NOTE: Code for this page was tested in Stata 12.
Below is a mixed model, where female is used to predict mathach, the model includes a random intercept, where the level 2 units are defined by the variable id.
xtmixed mathach female || id:
Performing EM optimization:
Performing gradient-based optimization:
Iteration 0: log restricted-likelihood = -23528.021
Iteration 1: log restricted-likelihood = -23528.021
Computing standard errors:
Mixed-effects REML regression Number of obs = 7185
Group variable: school Number of groups = 160
Obs per group: min = 14
avg = 44.9
max = 67
Wald chi2(1) = 62.83
Log restricted-likelihood = -23528.021 Prob > chi2 = 0.0000
------------------------------------------------------------------------------
mathach | Coef. Std. Err. z P>|z| [95% Conf. Interval]
-------------+----------------------------------------------------------------
female | -1.358992 .1714418 -7.93 0.000 -1.695012 -1.022972
_cons | 13.34494 .2546749 52.40 0.000 12.84579 13.8441
------------------------------------------------------------------------------
------------------------------------------------------------------------------
Random-effects Parameters | Estimate Std. Err. [95% Conf. Interval]
-----------------------------+------------------------------------------------
id: Identity |
sd(_cons) | 2.858072 .1798756 2.526399 3.233288
-----------------------------+------------------------------------------------
sd(Residual) | 6.232982 .0525962 6.130743 6.336926
------------------------------------------------------------------------------
LR test vs. linear regression: chibar2(01) = 938.95 Prob >= chibar2 = 0.0000
At the bottom of the output is the table that displays the estimates of the standard deviation of random effects (variances are shown if the var option is used). The standard deviation (SD) of the random intercept is displayed on the line beginning sd(_cons) and is estimated as 2.86 for this model. In addition to the estimate of the random intercept, the table includes the standard error of the estimate, and the 95% confidence interval (CI). You may notice that the lower bound for the CI is not equal to 2.858 – 1.96*.18 (= 2.506), the upper bound of the CI is also seemingly inconsistent with the output. Why isn’t the CI calculated in the usual way (i.e. b +/- 1.96*se)? The CI actually is calculated in the usual way, it’s just that the displayed values just aren’t the correct values to use to in the calculation.
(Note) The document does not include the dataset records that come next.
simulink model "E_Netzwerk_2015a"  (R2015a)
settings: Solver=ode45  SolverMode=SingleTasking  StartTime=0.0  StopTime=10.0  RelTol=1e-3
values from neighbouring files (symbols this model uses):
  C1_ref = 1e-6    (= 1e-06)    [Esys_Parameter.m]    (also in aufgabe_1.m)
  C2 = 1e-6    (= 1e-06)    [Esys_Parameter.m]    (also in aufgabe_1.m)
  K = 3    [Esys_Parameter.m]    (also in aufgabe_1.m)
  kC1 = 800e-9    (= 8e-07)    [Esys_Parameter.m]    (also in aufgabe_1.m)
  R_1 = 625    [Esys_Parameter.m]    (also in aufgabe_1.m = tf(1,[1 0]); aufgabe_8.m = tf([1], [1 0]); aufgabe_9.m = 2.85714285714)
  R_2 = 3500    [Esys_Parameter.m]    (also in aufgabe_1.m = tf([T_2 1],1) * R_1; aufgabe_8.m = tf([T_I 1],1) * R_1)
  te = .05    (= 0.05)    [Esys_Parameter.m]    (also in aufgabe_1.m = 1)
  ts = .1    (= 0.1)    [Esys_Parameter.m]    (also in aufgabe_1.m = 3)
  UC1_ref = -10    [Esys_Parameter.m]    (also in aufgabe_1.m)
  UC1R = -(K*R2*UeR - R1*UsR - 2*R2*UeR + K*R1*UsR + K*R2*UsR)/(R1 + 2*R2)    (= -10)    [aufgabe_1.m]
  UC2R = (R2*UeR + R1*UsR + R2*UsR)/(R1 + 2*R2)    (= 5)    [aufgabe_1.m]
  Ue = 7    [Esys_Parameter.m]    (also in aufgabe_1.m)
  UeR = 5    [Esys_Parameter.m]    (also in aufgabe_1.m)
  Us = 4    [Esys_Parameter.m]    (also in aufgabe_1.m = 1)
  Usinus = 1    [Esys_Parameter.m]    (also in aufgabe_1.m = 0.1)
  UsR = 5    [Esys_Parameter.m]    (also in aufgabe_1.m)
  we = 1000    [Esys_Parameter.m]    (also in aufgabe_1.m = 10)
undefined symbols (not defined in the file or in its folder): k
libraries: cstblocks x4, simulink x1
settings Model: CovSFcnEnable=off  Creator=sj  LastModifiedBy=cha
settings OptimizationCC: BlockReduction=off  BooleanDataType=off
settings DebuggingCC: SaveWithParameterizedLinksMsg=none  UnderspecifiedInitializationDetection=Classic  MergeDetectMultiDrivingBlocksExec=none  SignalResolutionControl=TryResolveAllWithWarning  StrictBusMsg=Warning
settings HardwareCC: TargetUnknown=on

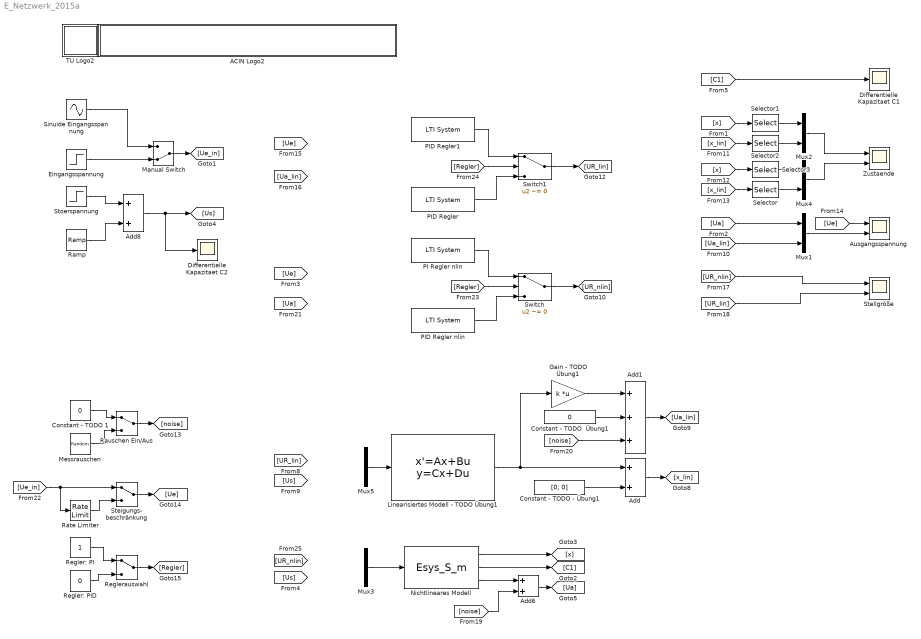
== system E_Netzwerk_2015a ==
  ACIN Logo2 : Subsystem
      mask init:
      | s = get_param(gcb,'UserData');
      mask Display:
      | image(s.logo,[0 0 439 45]);
      | %axis image
  Add : Sum
  Add1 : Sum  Inputs=+++
  Add6 : Sum
  Add8 : Sum
  Ausgangsspannung : Scope  NumInputPorts=2
      settings: TimeRange=auto  MaxDataPoints=5000  SaveToWorkspace=off  YMin=4.75~14.7252  YMax=7.25~17.47321  SampleTime=-1
  Constant - TODO  Übung1 : Constant  Value=0
  Constant - TODO - Übung1 : Constant  Value=[0; 0]
  Constant - TODO 1 : Constant  Value=0
  Differentielle Kapazitaet C1 : Scope
      settings: TimeRange=20  MaxDataPoints=5000  SaveToWorkspace=off  SaveName=ScopeData3  YMin=0.0000002  YMax=0.0000021  SampleTime=-1
  Differentielle Kapazitaet C2 : Scope
      settings: TimeRange=auto  MaxDataPoints=5000  SaveToWorkspace=off  YMin=3.8125  YMax=5.6875  SampleTime=-1
  Eingangsspannung : Step  Time=te  Before=UeR  After=Ue  SampleTime=0
  Gain - TODO Übung1 : Gain  Gain=k  Multiplication=Matrix(K*u)
  Linearisiertes Modell - TODO Übung1 : StateSpace  A=zeros(2)  B=zeros(2)  C=zeros(2)  D=zeros(2)  X0=[0;0]
  Manual Switch : ManualSwitch  CurrentSetting=0
  Messrauschen : UniformRandomNumber  Minimum=-5e-2  Maximum=5e-2  SampleTime=1e-3
  Mux{1..5} (5 alike) : Mux  Inputs=2
  Nichtlineares Modell : M-S-Function  FunctionName=Esys_S_m  Parameters=UC1R,UC2R,R_1,R_2,K,C1_ref,UC1_ref,kC1,C2
  PI Regler nlin : cstblocks/LTI System  sys=tf(1,[1 1])  IC=[]
  PID Regler : cstblocks/LTI System  sys=tf(1,[1 1])  IC=[]
  PID Regler nlin : cstblocks/LTI System  sys=tf(1,[1 1])  IC=[]
  PID Regler1 : cstblocks/LTI System  sys=tf(1,[1 1])  IC=[]
  Ramp : simulink/Sources/Ramp  slope=1  start=0  X0=0
  Rate Limiter : RateLimiter  RisingSlewLimit=100  FallingSlewLimit=-100  SampleTimeMode=inherited
  Rauschen Ein/Aus : ManualSwitch
  Regler: PI : Constant
  Regler: PID : Constant  Value=0
  Reglerauswahl : ManualSwitch
  Selector : Selector  InputPortWidth=2  IndexOptions=Index vector (dialog)  Indices=2  OutputSizes=1
  Selector1 : Selector  InputPortWidth=2  IndexOptions=Index vector (dialog)  Indices=1  OutputSizes=1
  Selector2 : Selector  InputPortWidth=2  IndexOptions=Index vector (dialog)  Indices=1  OutputSizes=1
  Selector3 : Selector  InputPortWidth=2  IndexOptions=Index vector (dialog)  Indices=2  OutputSizes=1
  Sinuide Eingangsspannung : Sin  Amplitude=Usinus  Bias=UeR  Frequency=we  SampleTime=0
  Steigungs- beschränkung : ManualSwitch
  Stellgröße : Scope  NumInputPorts=2
      settings: TimeRange=auto  MaxDataPoints=5000  SaveToWorkspace=off  SaveName=ScopeData  YMin=4.61004~-0.33747  YMax=8.15988~3.03725  SampleTime=-1
  Stoerspannung : Step  Time=ts  Before=UsR  After=Us  SampleTime=0
  Switch : Switch  Criteria=u2 ~= 0
  Switch1 : Switch  Criteria=u2 ~= 0
  TU Logo2 : Subsystem
      mask init:
      | s = get_param(gcb,'UserData');
      mask Display: image(s.logo,[0 0 45 45]);
  Zustaende : Scope  NumInputPorts=2
      settings: TimeRange=auto  MaxDataPoints=5000  SaveToWorkspace=off  SaveName=ScopeData2  YMin=-11.00753~4.90778  YMax=-8.681~5.82995  SampleTime=-1
  wires:
  Nichtlineares Modell/1 -> [x]
  Nichtlineares Modell/2 -> [C1]
  Eingangsspannung/1 -> Manual Switch/2
  Sinuide Eingangsspannung/1 -> Manual Switch/1
  Manual Switch/1 -> [Ue_in]
  [C1] -> Differentielle Kapazitaet C1/1
  Linearisiertes Modell - TODO Übung1/1 -> Gain - TODO Übung1/1, Add/1
  Mux5/1 -> Linearisiertes Modell - TODO Übung1/1
  Add/1 -> [x_lin]
  Constant - TODO - Übung1/1 -> Add/2
  Gain - TODO Übung1/1 -> Add1/1
  Add1/1 -> [Ua_lin]
  [Ua] -> Mux1/1
  [Ua_lin] -> Mux1/2
  Selector1/1 -> Mux2/1
  Selector2/1 -> Mux2/2
  [x] -> Selector1/1
  [x_lin] -> Selector2/1
  Selector3/1 -> Mux4/1
  Selector/1 -> Mux4/2
  [x] -> Selector3/1
  [x_lin] -> Selector/1
  Mux2/1 -> Zustaende/1
  Mux4/1 -> Zustaende/2
  [Ue] -> Ausgangsspannung/1
  Mux1/1 -> Ausgangsspannung/2
  [UR_nlin] -> Stellgröße/1
  [UR_lin] -> Stellgröße/2
  ? -> PI Regler nlin/1, PID Regler nlin/1
  Mux3/1 -> Nichtlineares Modell/1
  Messrauschen/1 -> Rauschen Ein/Aus/2
  Constant - TODO 1/1 -> Rauschen Ein/Aus/1
  Rauschen Ein/Aus/1 -> [noise]
  Add6/1 -> [Ua]
  Nichtlineares Modell/3 -> Add6/1
  [noise] -> Add6/2
  [noise] -> Add1/3
  Steigungs- beschränkung/1 -> [Ue]
  [Ue_in] -> Rate Limiter/1, Steigungs- beschränkung/1
  Rate Limiter/1 -> Steigungs- beschränkung/2
  PI Regler nlin/1 -> Switch/1
  [Regler] -> Switch/2
  Regler: PID/1 -> Reglerauswahl/2
  Regler: PI/1 -> Reglerauswahl/1
  Reglerauswahl/1 -> [Regler]
  PID Regler nlin/1 -> Switch/3
  PID Regler1/1 -> Switch1/1
  [Regler] -> Switch1/2
  PID Regler/1 -> Switch1/3
  Switch1/1 -> [UR_lin]
  Stoerspannung/1 -> Add8/1
  Ramp/1 -> Add8/2
  Add8/1 -> Differentielle Kapazitaet C2/1, [Us]
  Switch/1 -> [UR_nlin]
  ? -> PID Regler1/1, PID Regler/1
  Constant - TODO  Übung1/1 -> Add1/2

== system E_Netzwerk_2015a/ACIN Logo2 ==

== system E_Netzwerk_2015a/TU Logo2 ==

To understand why the values displayed are not used calculate the 95% CI it is important to know that Stata doesn’t actually estimate the SD (or the variance) of the random effects, instead it estimates the natural log of the SD (i.e., ln(sd)), which assures that the standard deviation will always be positive. Stata then exponentiates the estimates so that what you see is the SD (or the variance if the var option is used). Knowing this, we can see that the correct formula for the confidence interval involves the natural logs of the coefficients and standard errors displayed, specifically:
CI = exp(ln(sd) +/- 1.96*(ln(sesd))
where sesd is the standard error of the estimate of the SD of the random effect. Calculating the CI this was assures that the lower bound of the CI will never be below zero. It also results in CIs that are not symmetric around the estimate of the SD or variance.
We can use the returned results that Stata stores after the model is run to calculate the CI. The ln(sd) of the random intercept is stored in the rather odd looking macro _b[lns1_1_1:_cons] , and the standard error is stored in _se[lns1_1_1:_cons]. We can use those values, along with the display command, to calculate the lower and upper bounds of the CI. The two lines of code below do just that:
display exp(_b[lns1_1_1:_cons] - 1.96*_se[lns1_1_1:_cons]) 2.5263929 display exp(_b[lns1_1_1:_cons] + 1.96*_se[lns1_1_1:_cons]) 3.233295
These values should be very close to the bounds of the CI shown in the output, there may be some (very) small differences because Stata uses a more precise approximation to the correct z value for a 95% CI (1.959964…) than we used (1.96). Note that in order to get the confidence interval for the variance you will need to square the upper and lower bounds of the CI, the same way that you square the SD to get the variance.